Hobby-horse fair &cc / I. R. Cruikshank, inv. & fecit. (London : Pubd. by G. Humphrey, 27 St. James's St., August 12th, 1819; LOC: https://www.loc.gov/item/2006681691/)

toeing the lines (c. 1819)

The times they are a-modernizin’. Back in April 1868 an American periodical urged better preservation of historically important places. 150 years ago this month the same paper enthusiastically described a new device – a traveling machine. It wasn’t just the very high speeds possible – up to ten miles per hour on the streets of Paris – that was so appealing; the paper consulted medical experts, who determined that there were health benefits for those who used the new contraption. Technical experts at Scientific American contrasted the new American models with the French tries. A famous preacher was an early adopter. Another man reportedly used the machine for a quicker and more enjoyable commute. Schools of instruction opened, and there were even organized races in Paris. The new device compared favorably with old technology (the four-legged type).
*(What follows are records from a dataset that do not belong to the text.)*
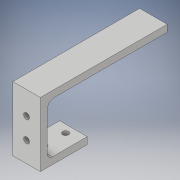
# Autodesk Inventor part: U bracket
Saved by Autodesk Inventor 2019 (Build 230136000, 136)
## iProperties
Created: 2020-10-22
Part Number: U bracket
Material: Generic
Document SubType Name: Modeling
Designer: Delta
Density: 1 g/cm^3
Appearance: Default
Author: Delta
Autodesk Inventor part; units mm, degrees
ref_plane "YZ Plane" through (0, 0, 0) normal (1, 0, 0) x (0, 1, 0)
ref_plane "XZ Plane" through (0, 0, 0) normal (0, 1, 0) x (-1, 0, 0)
ref_plane "XY Plane" through (0, 0, 0) normal (0, 0, 1) x (1, 0, 0)
sketch "Sketch1" plane through (0, 0, 0) normal (1, 0, 0) x (0, 1, 0)
  line L0 (0, 0) -> (3.175, 0)
  line L1 (3.175, 0) -> (3.175, -21.59)
  line L2 (3.175, -21.59) -> (0, -21.59)
  line L3 (0, -21.59) -> (0, 0)
  line L4 (0, 0) -> (29.591, 0)
  line L5 (29.591, 0) -> (29.591, -3.175)
  line L6 (29.591, -3.175) -> (0, -3.175)
  line L7 (0, -3.175) -> (0, 0)
  line L8 (29.591, 0) -> (26.416, 0)
  line L9 (26.416, 0) -> (26.416, -58.42)
  line L10 (26.416, -58.42) -> (29.591, -58.42)
  line L11 (29.591, -58.42) -> (29.591, 0)
  dimension "d0" = 3.175
  dimension "d1" = 21.59
  dimension "d4" = 3.175
  dimension "d5" = 29.591
  dimension "d6" = 3.175
  dimension "d7" = 58.42
  constraints: 24 end point, 6 parallel, 3 horizontal, 3 perpendicular
  measures "d0" distance of L1.end L2.end
  measures "d1" distance of L0.end L1.end
  measures "d4" distance of L9.end L10.end
  measures "d5" distance of L0.start L4.end
  measures "d6" distance between parallel lines of L4 L6
  measures "d7" distance of L10.end L4.end
extrude "Extrusion1" add sketch "Sketch1" along normal blind 12.7
sketch "Sketch2" plane through (0, 3.175, -3.175) normal (0, 0, -1) x (-1, 0, 0)
  circle A0 centre (-6.35, 15.8052) radius 1.3589
  circle A1 centre (-6.35, 6.1786) radius 1.3589
  line L0 (-12.7, 0) -> (-12.7, 23.241) projected
  point P0 (0, -3.175)
  dimension "d8" = 2.7178
  dimension "d9" = 2.7178
  dimension "d10" = 6.35
  dimension "d11" = 6.35
  dimension "d12" = 9.6266
  constraints: 2 centre point
  measures "d8" diameter of A0
  measures "d9" diameter of A1
  measures "d10" distance from line of L0 A0.centre
  measures "d11" distance from line of L0 A1.centre
  measures "d12" distance of A1.centre A0.centre
extrude "Extrusion2" cut sketch "Sketch2" against normal blind 25.4
sketch "Sketch3" plane through (0, 3.175, -3.175) normal (0, 1, 0) x (1, 0, 0)
  circle A0 centre (6.35, 4.8202) radius 1.3589
  circle A1 centre (6.35, 14.8278) radius 1.3589
  line L0 (0, 18.415) -> (0, 0) projected
  point P0 (0, -3.175)
  dimension "d15" = 2.7178
  dimension "d16" = 2.7178
  dimension "d17" = 6.35
  dimension "d18" = 6.35
  dimension "d23" = 10.0076
  constraints: 2 centre point
  measures "d15" diameter of A0
  measures "d16" diameter of A1
  measures "d17" distance from line of L0 A1.centre
  measures "d18" distance from line of L0 A0.centre
  measures "d23" distance of A1.centre A0.centre
extrude "Extrusion3" cut sketch "Sketch3" against normal blind 25.4
fillet "Fillet1" radius 3.175 1 edges at (6.35, 26.416, -3.175)
fillet "Fillet2" radius 2.286 1 edges at (6.35, 3.175, -3.175)
equation "\"d4\" = d0"
equation "\"d6\" = d0"
body "Solid1"

From the December 19, 1868 issue of Harper’s Weekly:

THE AMERICAN VELOCIPEDE.

SOME months have passed since we heard of the advent in Paris of a strange something on which it was possible for an active Frenchmen, furnishing his own motive power, to traverse ten miles of the streets of Paris during a single hour. It was a bicircle, a veloce. It was a two-wheeled contrivance, and something decidedly new.

There seemed to be no very definite information with reference to the machine. It was like Paris – fast; and, unlike the generality of French contrivances, seemed likely to be useful.

The fever which raged so high in France seems to have broken out in America. The veloce was inspected by ingenious Americans, and a number of professional inventors are now laboring to bring it to American completeness. A few persons in New York have the velocipede for sale, and are doing quite as driving a business as the riders of their wares.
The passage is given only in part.